Annual Fire Safety Statements for Sydney Strata Buildings: Your Complete 2026 Survival Guide
Annual Fire Safety Statements for Sydney Strata Buildings: Your Complete 2026 Survival Guide
If you sit on a strata committee or manage an owners corporation in Sydney, 2026 is not the year to treat your Annual Fire Safety Statement as a box-ticking exercise. The Annual Fire Safety Statements for Sydney strata buildings landscape has fundamentally shifted since 13 February 2026, with mandatory compliance under Australian Standard AS 1851-2012 now legally enforceable, accreditation requirements tightened, and councils actively chasing non-compliant buildings with escalating weekly fines. I've spent a decade on-site across Sydney — from inner-west walk-ups to North Shore high-rises — and I can tell you with absolute certainty: the buildings that treat fire safety compliance seriously never end up in crisis. This guide will walk you through every step you need to take right now, from understanding what an AFSS actually is to choosing the right accredited contractor, avoiding the most common (and expensive) mistakes, and knowing exactly what it all costs.

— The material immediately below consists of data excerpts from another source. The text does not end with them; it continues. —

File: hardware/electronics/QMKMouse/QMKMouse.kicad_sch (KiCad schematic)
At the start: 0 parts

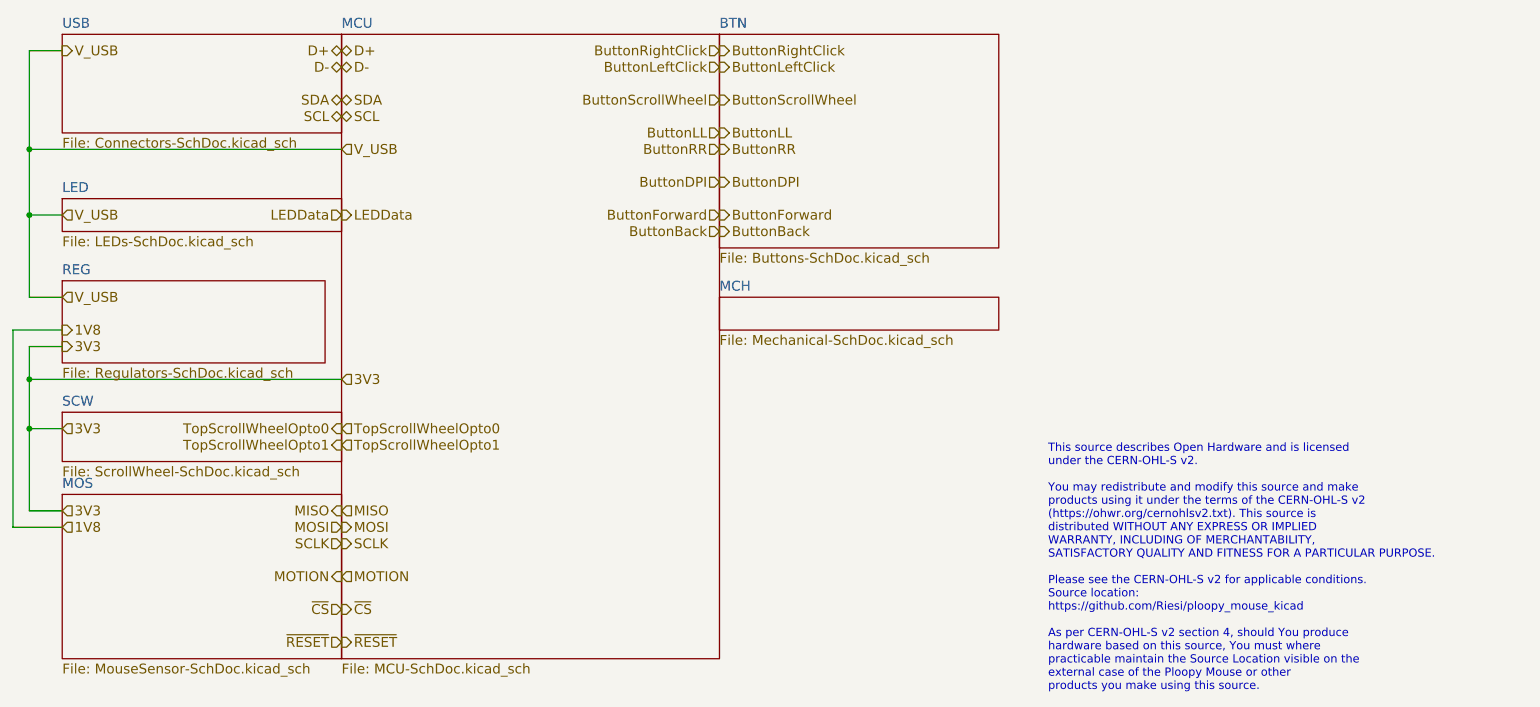
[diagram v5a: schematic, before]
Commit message: fix ERC errors and use hierarchy labels
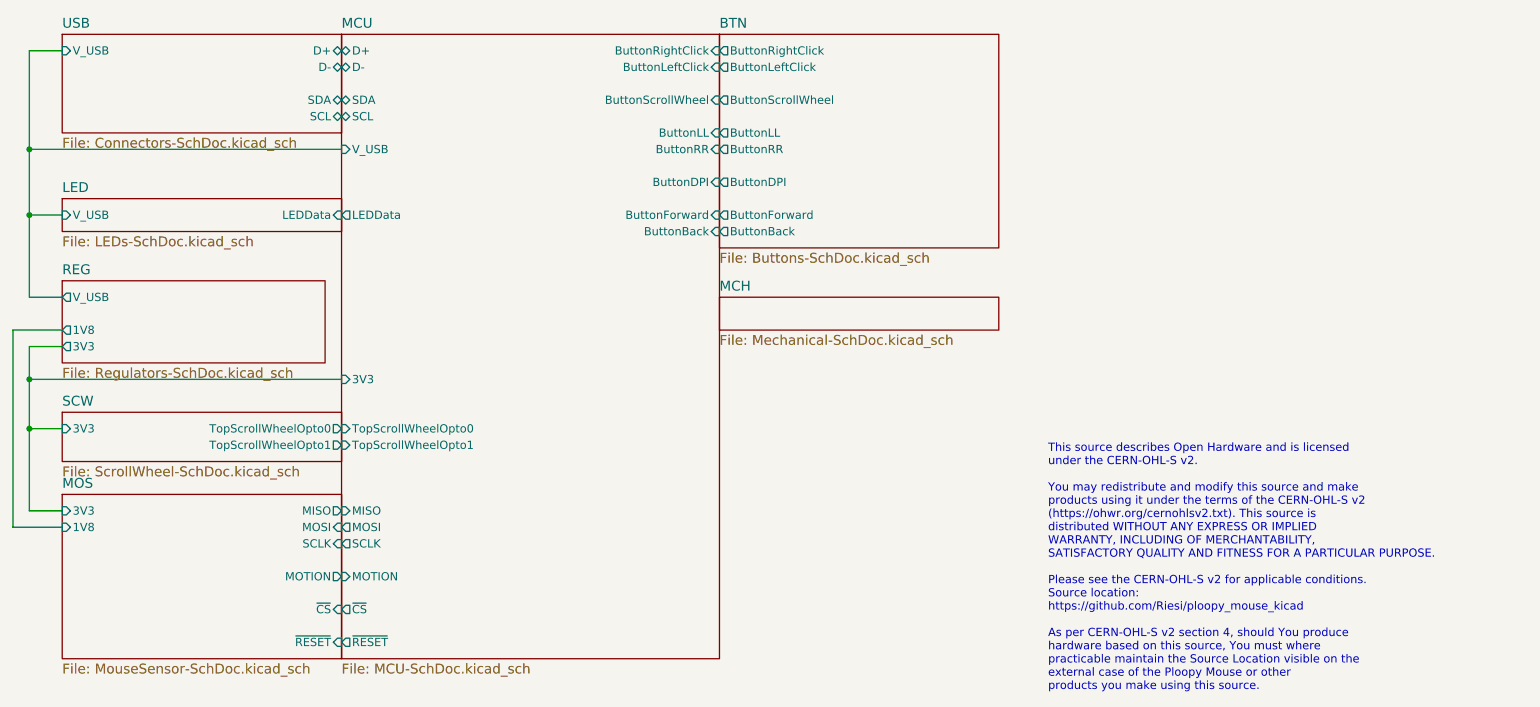
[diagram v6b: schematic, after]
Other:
- sheet BTN ports: added ButtonBack, ButtonDPI, ButtonForward, ButtonLL, ButtonLeftClick, ButtonRR, ButtonRightClick, ButtonScrollWheel; removed none
- sheet LED ports: added LEDData, V_USB; removed none
- sheet MCU ports: added 3V3, ButtonBack, ButtonDPI, ButtonForward, ButtonLL, ButtonLeftClick, ButtonRR, ButtonRightClick, ButtonScrollWheel, D+, D-, LEDData, MISO, MOSI, MOTION, SCL, SCLK, SDA, TopScrollWheelOpto0, TopScrollWheelOpto1, V_USB, ~{CS}, ~{RESET}; removed none
- sheet MOS ports: added 1V8, 3V3, MISO, MOSI, MOTION, SCLK, ~{CS}, ~{RESET}; removed none
- sheet REG ports: added 1V8, 3V3, V_USB; removed none
- sheet SCW ports: added 3V3, TopScrollWheelOpto0, TopScrollWheelOpto1; removed none
- sheet USB ports: added D+, D-, SCL, SDA, V_USB; removed none

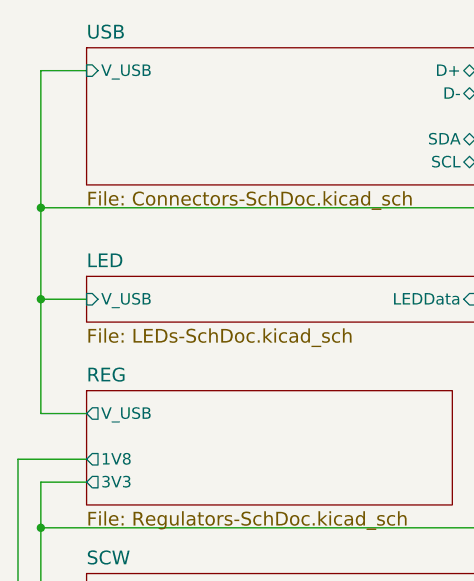
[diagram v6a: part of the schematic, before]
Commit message: Fix all ERC errors and replot the schematic
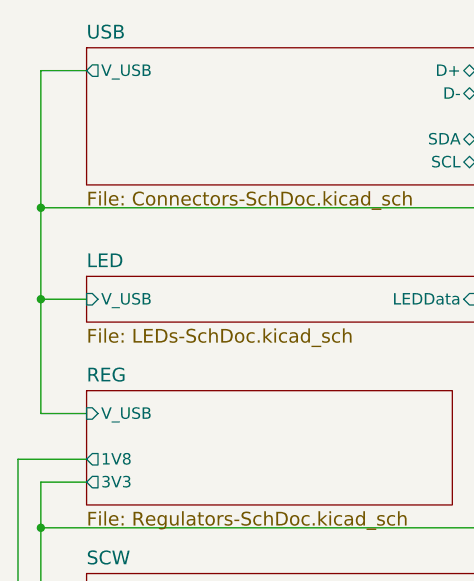
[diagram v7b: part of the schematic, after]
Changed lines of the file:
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@@
+    (stroke (width 0) (type default) (color 0 0 0 0))
+  )
+  (wire (pts (xy 54.61 95.25) (xy 59.69 95.25))
     (stroke (width 0) (type default) (color 0 0 0 0))
   )
@@
   )
   (wire (pts (xy 102.87 72.39) (xy 54.61 72.39))
-    (stroke (width 0) (type default) (color 0 0 0 0))
-  )
-  (wire (pts (xy 59.69 95.25) (xy 54.61 95.25))
     (stroke (width 0) (type default) (color 0 0 0 0))
   )
@@
       (effects (font (size 1.27 1.27)) (justify left))
     )
-    (pin "V_USB" output (at 59.69 95.25 180)
+    (pin "V_USB" input (at 59.69 95.25 180)
       (effects (font (size 1.27 1.27)) (justify left))
     )
@@
       (effects (font (size 1.27 1.27)) (justify right))
     )
-    (pin "V_USB" input (at 59.69 57.15 180)
+    (pin "V_USB" output (at 59.69 57.15 180)
       (effects (font (size 1.27 1.27)) (justify left))
     )
@@
   )
   (symbol_instances
+    (path "/edd86220-f5f9-4f6e-b5ac-222411c977fd/3fcbfa4a-7163-4389-a62b-b401185d53ff"
+      (reference "#FLG0101") (unit 1) (value "PWR_FLAG") (footprint "")
+    )
     (path "/143b26bf-3d77-4275-b4b3-9422596a1eca/00000000-0000-0000-0000-000063c6e54a"
       (reference "#GND0101") (unit 1) (value "GND") (footprint "")

Disclaimer: This article provides general fire safety and compliance information only. It does not constitute legal or professional advice specific to your building. For advice tailored to your strata scheme, consult a qualified fire safety practitioner and/or a strata lawyer. Affiliate links are included in this article; if you purchase through them, I may earn a commission at no extra cost to you.
What Is an Annual Fire Safety Statement — and Why Does It Matter So Much?
The AFSS is a legal document that confirms your building's fire safety systems — like alarms, exit lights, sprinklers, and hydrants — have been inspected by a qualified expert and are functioning as they should. Plain and simple. But in my professional opinion, the word "legal" does a lot of heavy lifting in that sentence. This is not a form you lodge with council and forget about. An AFSS is a legal declaration, not an administrative form. It confirms that essential fire safety measures have been maintained to the required standard.
It is required under Part 12, Division 2 (sections 88-91) of the Environmental Planning and Assessment (Development Certification and Fire Safety) Regulation 2021 (NSW). Once completed, the AFSS must be submitted annually to your local council and Fire and Rescue NSW each year, with a copy displayed in a prominent location in your building. I've walked into buildings — particularly older blocks across Marrickville and Burwood — where the displayed copy was a five-year-old yellowed sheet stuffed behind a noticeboard. That alone is a compliance failure.
From an insurance standpoint, the stakes are even higher than most committees realise. An up-to-date AFSS can impact your building's insurance coverage and its ability to claim in the event of a fire-related incident. In my experience, insurers are increasingly scrutinising AFSS records at claim time. A gap or a non-compliant statement can give them grounds to reduce or deny a payout. That risk alone should motivate every owners corporation to treat this seriously.
The Critical 2026 Reforms: What Has Actually Changed Under AS 1851-2012
This is where I need your full attention. From 13 February 2026, all apartment buildings in NSW must have their essential fire safety systems inspected and tested regularly under the Australian Standard called AS 1851, unless a performance solution is in place. This is no longer optional or best practice — it is the law.
AFSS compliance is no longer about completing an annual inspection. It now depends on whether fire safety measures have been serviced at the correct frequencies throughout the year. Building owners must also keep records in the manner prescribed by AS 1851-2012 for at least 7 years and make the records available for inspection. That seven-year requirement is the detail most strata committees have missed. I've seen buildings scrambling to reconstruct years of maintenance logs after receiving a council order — it's an enormously stressful and expensive process that could have been avoided entirely.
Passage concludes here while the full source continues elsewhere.